Creators can earn through subscriptions, commerce, and fan funding. YouTube Shopping has seen gross merchandise value grow five times year-over-year. The platform is also investing heavily in connecting advertisers directly with creators for brand deals, allowing creators to leverage their influence and authentic audience relationships.
Canadian data reveals why these expanded options matter. Three-quarters of Canadians consider YouTube creators the most trustworthy creators across all platforms. That trust translates into commercial opportunity when creators have multiple ways to monetize their influence.
Canada as a Creator Powerhouse
Over 90% of Canadian creators’ watch time on YouTube comes from outside Canada. This statistic demolishes the outdated perception that Canadian creators must relocate to succeed. The platform has leveled the playing field for creativity regardless of budget, connections, or location.
Peterson, who moved to Canada six and a half years ago, was surprised to discover how many of his favourite supposedly-American comedians were actually Canadian. He was also struck by a persistent belief that Canada represented a compromise for creators. The data tells a different story.
Canadian creators are building global audiences from coast to coast to coast. Some of the biggest creators in every category are based in Canada. The challenge now is celebrating this success more publicly and fostering stronger community connections amongst creators who may be reaching millions of people online while feeling isolated in their creative process.

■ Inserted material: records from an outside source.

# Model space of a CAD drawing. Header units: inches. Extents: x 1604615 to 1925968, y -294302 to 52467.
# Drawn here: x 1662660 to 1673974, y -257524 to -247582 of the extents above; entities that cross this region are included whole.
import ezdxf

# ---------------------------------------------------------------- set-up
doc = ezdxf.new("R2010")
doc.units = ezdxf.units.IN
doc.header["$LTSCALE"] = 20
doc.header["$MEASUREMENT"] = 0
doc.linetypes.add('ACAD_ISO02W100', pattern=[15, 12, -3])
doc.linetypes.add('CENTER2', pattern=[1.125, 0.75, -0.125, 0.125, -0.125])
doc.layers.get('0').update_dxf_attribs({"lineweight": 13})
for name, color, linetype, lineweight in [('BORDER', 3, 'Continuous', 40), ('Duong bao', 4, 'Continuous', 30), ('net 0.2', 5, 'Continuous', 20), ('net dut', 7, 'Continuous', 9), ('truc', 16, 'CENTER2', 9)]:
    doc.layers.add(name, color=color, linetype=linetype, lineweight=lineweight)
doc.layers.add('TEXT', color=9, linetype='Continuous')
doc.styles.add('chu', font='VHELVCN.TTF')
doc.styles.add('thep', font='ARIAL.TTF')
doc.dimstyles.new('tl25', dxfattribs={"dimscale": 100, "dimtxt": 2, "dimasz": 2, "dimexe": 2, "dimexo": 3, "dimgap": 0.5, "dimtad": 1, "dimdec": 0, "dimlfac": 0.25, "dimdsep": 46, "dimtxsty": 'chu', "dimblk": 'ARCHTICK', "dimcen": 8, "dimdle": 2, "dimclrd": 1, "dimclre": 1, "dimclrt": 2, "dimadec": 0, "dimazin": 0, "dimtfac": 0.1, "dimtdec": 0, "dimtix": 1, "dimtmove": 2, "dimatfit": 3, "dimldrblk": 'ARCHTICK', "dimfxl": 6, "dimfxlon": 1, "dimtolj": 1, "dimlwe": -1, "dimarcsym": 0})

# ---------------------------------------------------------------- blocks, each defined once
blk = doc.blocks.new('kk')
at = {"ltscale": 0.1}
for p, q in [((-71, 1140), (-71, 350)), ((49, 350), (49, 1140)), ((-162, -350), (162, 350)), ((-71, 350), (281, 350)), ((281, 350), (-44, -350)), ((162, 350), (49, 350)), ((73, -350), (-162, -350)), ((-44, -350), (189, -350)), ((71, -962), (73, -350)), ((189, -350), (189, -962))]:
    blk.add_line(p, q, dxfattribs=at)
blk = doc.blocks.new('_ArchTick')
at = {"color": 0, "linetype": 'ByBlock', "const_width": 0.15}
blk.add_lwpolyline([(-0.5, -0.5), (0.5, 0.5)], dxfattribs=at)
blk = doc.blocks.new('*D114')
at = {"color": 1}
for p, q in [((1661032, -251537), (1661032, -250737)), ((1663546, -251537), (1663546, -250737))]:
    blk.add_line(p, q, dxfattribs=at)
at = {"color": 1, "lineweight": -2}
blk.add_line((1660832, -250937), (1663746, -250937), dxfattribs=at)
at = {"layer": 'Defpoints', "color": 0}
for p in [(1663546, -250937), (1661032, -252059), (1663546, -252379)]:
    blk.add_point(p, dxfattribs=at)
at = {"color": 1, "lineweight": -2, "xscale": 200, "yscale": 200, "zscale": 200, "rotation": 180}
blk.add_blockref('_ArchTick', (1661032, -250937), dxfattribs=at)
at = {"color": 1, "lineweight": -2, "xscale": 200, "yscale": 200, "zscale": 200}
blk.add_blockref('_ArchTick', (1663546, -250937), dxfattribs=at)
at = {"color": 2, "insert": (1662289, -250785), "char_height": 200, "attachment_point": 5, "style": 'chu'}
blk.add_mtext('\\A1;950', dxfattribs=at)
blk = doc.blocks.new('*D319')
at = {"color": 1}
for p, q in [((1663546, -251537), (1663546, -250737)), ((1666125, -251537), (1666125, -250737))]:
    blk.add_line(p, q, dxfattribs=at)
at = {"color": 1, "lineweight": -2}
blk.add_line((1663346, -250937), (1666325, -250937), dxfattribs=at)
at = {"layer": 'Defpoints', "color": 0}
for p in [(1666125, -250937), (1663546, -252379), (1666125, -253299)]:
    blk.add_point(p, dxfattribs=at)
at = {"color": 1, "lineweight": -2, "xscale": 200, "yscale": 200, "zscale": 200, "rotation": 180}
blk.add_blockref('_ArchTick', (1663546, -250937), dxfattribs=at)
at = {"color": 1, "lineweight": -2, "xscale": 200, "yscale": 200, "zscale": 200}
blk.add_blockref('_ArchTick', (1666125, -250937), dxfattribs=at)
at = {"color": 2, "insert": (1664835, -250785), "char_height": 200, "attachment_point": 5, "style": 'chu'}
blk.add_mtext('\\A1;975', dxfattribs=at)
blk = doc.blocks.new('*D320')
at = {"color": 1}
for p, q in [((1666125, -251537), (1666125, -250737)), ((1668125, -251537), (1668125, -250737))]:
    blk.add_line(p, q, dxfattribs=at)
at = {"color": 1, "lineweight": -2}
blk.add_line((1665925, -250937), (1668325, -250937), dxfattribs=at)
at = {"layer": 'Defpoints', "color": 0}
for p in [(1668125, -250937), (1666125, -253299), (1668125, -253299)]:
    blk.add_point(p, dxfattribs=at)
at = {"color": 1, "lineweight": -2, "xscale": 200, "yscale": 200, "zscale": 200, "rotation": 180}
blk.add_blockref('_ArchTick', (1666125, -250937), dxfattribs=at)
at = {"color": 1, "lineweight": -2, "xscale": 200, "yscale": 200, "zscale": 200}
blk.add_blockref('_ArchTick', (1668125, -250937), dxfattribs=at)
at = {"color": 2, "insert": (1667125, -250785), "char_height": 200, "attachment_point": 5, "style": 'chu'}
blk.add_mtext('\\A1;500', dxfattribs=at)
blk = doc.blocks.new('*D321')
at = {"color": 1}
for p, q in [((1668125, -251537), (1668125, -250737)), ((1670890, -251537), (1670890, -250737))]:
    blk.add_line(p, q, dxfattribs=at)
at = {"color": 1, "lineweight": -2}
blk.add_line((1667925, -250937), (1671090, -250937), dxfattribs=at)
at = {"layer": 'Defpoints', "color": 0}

In Canada alone, 45,000 creators monetize on YouTube. The foundation for Canadian creativity is strong and thriving on the global stage.
What Stays the Same Over the Next Five Years
When asked about the next five years, Peterson focused first on what will remain constant. YouTube’s mission to give everyone a voice and show them the world continues as their north star. Their focus on being the most valuable place for viewers and the most rewarding place for creators will not change.
Successful creators share two common traits: they put their audience and their passion at the centre of everything they do. While the business infrastructure matters, staying laser-focused on serving audiences with valuable, entertaining content while remaining true to personal passions is what drives success.
What Will Evolve
Brand new content formats will continue to emerge and monetization options will expand further. The legitimacy of creators as next-generation media businesses is no longer in question. Ten years ago, telling your parents you wanted to be a YouTube creator prompted questions about backup plans. Today, creators are building sustainable media companies with global reach.
Hafu Go joked that his parents still do not believe he has a real job, but Peterson emphasized that creator businesses represent the future of media. The question for the next five years is not whether creators are legitimate, but how they continue to scale their businesses and pursue even more creative ambition.
The Magic Remains Human
Despite all the technological tools and platform features, Peterson argued that the real magic of YouTube comes from what creators do with those tools. The computer science solutions enable the platform, but creator innovation drives the culture.
As YouTube celebrates 20 years, one message rang clear throughout the conversation: there has never been a better time in history to be a creator and the best days of creativity are still ahead.
For anyone building a presence on YouTube, the advice is straightforward: stay focused on your audience and your passion. The platform will continue evolving to support creators who do that well. Whether it’s online, on television, or somewhere in between, research shows that if Canadians could pick just one place to watch content, they would choose YouTube.
The platform takes that responsibility seriously as it moves into its third decade.